Dataset excerpts:
########################################
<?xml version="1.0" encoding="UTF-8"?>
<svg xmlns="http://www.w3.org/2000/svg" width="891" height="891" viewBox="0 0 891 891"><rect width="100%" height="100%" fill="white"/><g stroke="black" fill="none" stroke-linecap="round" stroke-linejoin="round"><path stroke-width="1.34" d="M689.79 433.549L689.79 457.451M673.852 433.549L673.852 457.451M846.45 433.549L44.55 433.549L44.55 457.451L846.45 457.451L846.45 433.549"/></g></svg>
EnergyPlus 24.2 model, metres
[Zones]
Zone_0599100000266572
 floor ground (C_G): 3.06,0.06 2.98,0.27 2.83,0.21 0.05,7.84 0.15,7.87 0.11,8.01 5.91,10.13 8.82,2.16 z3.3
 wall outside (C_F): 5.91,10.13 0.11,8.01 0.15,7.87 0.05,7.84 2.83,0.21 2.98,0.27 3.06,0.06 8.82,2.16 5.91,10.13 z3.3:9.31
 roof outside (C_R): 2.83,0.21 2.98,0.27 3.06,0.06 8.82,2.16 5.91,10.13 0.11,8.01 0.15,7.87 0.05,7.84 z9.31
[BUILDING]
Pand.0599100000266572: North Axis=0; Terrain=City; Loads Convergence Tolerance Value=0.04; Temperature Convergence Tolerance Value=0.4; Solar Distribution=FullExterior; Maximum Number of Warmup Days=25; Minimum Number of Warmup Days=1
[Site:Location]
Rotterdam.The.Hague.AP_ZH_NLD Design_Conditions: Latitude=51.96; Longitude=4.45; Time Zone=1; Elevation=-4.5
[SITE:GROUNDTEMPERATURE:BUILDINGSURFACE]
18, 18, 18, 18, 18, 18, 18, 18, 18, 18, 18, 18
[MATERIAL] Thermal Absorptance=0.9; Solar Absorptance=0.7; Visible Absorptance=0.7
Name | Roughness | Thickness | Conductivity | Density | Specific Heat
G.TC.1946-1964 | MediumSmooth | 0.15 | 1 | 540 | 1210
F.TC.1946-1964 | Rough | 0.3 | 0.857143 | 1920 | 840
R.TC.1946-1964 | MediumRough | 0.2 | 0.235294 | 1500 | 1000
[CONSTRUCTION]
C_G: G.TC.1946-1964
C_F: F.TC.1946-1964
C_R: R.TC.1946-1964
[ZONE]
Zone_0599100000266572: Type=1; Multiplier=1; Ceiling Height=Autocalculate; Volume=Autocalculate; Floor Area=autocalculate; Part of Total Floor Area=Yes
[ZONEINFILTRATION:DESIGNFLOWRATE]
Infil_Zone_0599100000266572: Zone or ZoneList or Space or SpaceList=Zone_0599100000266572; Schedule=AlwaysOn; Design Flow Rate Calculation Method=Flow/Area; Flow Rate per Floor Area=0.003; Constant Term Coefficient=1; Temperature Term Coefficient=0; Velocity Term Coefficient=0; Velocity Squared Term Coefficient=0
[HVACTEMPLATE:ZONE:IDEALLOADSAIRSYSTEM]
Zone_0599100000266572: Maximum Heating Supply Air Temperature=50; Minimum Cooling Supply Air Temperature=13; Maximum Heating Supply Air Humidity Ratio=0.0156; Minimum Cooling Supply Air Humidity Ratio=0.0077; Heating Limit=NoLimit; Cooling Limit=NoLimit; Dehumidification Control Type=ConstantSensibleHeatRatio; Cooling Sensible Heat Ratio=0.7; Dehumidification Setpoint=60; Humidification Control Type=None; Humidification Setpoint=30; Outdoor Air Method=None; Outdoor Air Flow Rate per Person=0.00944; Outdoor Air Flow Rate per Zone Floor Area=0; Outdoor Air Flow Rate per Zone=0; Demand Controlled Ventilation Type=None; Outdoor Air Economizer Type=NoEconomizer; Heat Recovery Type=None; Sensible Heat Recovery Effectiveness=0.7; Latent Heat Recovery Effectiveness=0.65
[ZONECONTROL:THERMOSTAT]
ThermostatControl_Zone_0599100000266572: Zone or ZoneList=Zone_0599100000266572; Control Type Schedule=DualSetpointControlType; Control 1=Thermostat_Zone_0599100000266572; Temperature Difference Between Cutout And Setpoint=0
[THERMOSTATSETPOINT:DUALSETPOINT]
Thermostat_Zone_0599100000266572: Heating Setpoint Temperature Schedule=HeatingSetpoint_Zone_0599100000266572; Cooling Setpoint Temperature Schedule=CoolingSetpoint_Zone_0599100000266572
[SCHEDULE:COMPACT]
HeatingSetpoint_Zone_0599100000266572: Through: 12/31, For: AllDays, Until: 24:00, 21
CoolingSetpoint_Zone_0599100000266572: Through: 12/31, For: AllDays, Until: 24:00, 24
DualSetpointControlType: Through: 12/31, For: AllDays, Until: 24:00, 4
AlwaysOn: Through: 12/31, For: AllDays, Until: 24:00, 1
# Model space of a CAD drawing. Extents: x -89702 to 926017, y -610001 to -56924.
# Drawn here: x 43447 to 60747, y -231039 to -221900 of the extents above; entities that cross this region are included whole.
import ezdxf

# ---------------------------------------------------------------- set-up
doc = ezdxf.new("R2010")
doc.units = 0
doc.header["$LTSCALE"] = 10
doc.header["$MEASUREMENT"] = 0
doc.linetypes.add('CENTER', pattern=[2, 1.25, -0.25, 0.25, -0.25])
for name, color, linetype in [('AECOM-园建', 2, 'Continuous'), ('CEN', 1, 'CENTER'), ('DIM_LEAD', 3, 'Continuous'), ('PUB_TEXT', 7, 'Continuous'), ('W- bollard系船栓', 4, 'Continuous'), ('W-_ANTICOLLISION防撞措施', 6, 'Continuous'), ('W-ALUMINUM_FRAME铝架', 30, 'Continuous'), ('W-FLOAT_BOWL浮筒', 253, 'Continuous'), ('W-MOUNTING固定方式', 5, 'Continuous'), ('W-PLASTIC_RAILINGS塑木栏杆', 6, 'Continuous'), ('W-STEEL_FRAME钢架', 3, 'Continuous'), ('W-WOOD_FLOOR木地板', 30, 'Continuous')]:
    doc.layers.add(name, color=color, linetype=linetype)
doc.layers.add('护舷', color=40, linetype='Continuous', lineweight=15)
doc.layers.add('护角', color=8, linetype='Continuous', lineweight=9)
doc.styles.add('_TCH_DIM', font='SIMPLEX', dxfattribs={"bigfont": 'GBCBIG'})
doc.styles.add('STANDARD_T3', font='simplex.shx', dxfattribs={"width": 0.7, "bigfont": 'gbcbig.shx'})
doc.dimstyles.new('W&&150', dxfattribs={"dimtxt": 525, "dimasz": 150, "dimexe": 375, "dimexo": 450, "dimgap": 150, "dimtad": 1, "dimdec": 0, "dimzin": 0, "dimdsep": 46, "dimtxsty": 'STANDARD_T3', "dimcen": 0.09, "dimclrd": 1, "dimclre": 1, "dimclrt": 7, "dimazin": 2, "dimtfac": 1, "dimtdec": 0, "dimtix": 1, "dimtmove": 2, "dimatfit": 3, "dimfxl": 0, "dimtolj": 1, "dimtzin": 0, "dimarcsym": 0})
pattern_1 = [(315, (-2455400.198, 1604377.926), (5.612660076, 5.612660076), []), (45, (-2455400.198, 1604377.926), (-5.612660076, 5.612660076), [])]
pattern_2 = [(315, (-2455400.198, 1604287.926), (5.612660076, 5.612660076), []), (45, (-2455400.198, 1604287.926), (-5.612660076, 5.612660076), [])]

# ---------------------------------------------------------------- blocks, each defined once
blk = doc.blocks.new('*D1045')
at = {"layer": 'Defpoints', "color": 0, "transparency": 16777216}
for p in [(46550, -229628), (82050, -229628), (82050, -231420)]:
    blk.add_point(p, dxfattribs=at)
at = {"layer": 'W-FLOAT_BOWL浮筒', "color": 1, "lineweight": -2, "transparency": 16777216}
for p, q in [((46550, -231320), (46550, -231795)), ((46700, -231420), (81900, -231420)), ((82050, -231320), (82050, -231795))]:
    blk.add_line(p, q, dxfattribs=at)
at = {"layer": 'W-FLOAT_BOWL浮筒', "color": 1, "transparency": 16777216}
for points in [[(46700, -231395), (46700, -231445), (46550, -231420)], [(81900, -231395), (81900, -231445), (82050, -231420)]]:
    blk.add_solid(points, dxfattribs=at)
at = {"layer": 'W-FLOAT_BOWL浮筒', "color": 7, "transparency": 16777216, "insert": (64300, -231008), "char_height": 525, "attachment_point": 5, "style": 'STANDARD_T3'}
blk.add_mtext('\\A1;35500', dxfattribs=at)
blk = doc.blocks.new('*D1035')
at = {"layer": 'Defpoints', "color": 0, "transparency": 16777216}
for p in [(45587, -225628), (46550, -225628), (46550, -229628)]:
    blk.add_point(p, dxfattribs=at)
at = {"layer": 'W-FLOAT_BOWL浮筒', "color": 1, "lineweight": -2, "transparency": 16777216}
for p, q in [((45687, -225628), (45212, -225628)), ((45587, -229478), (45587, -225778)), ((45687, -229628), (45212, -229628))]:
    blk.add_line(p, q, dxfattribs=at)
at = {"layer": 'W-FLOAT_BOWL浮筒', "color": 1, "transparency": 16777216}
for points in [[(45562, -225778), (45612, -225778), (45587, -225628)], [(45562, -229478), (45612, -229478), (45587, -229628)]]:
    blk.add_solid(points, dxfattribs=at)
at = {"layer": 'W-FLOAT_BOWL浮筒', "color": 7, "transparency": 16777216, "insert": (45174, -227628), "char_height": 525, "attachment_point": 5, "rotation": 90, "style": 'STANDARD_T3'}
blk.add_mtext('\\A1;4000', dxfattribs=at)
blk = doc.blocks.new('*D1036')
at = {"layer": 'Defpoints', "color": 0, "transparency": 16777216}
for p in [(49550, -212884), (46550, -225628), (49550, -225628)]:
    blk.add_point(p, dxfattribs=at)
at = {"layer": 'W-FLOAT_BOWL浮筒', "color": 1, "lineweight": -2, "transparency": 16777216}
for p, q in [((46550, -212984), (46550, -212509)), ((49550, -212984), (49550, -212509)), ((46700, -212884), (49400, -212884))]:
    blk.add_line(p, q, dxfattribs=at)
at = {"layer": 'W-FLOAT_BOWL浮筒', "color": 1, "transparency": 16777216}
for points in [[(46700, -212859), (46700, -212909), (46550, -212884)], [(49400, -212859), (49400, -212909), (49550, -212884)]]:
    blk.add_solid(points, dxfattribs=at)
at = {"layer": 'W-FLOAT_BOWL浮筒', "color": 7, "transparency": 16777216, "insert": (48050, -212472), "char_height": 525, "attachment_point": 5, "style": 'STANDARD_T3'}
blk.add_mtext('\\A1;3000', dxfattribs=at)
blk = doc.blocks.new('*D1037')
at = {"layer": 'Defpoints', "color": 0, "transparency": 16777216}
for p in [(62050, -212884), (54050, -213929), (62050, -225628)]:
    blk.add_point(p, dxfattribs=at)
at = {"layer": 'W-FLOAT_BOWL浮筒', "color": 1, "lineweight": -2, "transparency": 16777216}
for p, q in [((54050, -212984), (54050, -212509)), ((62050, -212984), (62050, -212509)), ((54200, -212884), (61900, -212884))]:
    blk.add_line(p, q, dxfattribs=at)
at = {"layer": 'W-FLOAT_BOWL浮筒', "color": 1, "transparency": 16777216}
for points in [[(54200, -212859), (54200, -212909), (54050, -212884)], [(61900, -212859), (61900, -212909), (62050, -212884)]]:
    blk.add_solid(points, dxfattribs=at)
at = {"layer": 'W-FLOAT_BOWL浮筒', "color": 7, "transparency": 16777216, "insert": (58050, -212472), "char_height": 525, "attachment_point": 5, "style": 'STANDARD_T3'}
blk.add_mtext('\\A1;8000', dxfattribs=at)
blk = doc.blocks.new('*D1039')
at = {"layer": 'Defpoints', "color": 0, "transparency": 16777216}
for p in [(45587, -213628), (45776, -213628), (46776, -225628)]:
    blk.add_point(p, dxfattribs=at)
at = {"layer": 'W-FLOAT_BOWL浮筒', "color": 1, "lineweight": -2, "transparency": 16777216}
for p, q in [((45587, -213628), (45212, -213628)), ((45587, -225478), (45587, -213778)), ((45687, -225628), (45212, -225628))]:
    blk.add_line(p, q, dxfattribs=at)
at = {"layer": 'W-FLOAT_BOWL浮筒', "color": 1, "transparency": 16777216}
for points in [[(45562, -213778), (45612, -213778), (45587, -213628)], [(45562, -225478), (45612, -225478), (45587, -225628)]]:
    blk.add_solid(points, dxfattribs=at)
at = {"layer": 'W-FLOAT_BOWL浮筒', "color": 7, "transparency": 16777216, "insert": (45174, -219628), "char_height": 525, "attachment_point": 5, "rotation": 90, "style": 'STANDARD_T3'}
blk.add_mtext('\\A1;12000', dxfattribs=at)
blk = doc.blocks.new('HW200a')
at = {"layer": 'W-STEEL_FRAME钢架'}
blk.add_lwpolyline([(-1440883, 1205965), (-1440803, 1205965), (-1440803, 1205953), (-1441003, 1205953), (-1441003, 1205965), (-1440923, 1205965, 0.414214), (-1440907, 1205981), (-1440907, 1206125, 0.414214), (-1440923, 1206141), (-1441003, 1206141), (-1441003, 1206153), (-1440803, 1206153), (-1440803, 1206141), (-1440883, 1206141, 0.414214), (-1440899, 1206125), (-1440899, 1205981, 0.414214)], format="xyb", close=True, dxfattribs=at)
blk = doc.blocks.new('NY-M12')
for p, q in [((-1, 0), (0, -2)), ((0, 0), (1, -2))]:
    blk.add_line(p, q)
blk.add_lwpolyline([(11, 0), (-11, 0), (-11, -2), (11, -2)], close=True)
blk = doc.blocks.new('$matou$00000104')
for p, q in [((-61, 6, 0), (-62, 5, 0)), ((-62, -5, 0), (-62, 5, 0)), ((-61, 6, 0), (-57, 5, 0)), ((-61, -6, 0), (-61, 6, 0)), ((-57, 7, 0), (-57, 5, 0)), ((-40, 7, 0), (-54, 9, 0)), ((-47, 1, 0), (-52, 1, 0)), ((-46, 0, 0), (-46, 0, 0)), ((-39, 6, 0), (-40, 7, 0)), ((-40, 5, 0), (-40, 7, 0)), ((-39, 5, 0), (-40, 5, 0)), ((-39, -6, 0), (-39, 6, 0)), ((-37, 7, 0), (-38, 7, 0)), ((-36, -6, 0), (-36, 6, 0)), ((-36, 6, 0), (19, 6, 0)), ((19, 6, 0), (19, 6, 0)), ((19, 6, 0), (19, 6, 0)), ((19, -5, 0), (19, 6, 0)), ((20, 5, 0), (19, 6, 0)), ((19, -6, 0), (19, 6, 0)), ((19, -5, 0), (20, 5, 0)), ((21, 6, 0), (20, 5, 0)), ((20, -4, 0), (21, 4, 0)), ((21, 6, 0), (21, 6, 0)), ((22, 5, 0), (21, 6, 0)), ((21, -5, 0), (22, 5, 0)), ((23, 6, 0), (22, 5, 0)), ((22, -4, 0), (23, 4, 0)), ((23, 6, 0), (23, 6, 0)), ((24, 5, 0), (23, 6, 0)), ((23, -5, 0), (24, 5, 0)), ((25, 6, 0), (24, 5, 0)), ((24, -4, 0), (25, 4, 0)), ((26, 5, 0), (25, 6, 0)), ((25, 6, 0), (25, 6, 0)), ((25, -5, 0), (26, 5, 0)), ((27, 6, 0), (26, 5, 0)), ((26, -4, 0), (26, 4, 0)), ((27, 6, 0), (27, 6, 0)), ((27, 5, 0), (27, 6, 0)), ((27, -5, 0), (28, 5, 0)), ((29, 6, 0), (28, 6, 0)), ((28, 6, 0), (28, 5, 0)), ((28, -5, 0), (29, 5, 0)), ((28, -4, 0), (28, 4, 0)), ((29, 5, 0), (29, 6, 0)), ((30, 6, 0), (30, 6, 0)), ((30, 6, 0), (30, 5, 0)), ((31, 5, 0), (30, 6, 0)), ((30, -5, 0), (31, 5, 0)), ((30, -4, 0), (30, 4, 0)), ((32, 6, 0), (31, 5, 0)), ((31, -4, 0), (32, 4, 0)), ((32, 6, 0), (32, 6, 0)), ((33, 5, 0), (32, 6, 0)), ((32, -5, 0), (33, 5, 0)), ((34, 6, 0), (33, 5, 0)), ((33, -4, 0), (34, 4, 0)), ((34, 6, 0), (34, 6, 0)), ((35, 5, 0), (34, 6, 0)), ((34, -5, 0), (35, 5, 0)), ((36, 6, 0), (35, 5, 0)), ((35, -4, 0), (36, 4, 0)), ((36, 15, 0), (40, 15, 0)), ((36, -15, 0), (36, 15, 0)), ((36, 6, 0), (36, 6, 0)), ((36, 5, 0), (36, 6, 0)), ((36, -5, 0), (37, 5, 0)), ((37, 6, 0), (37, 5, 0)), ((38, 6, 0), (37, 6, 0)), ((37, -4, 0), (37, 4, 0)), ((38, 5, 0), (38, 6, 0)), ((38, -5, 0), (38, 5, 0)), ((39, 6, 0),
########################################
Exercise brief:
Show every line above in which the word "blocks" is found.

Result of the exercise:
# ---------------------------------------------------------------- blocks, each defined once
blk = doc.blocks.new('*D1045')
blk = doc.blocks.new('*D1035')
blk = doc.blocks.new('*D1036')
blk = doc.blocks.new('*D1037')
blk = doc.blocks.new('*D1039')
blk = doc.blocks.new('HW200a')
blk = doc.blocks.new('NY-M12')
blk = doc.blocks.new('$matou$00000104')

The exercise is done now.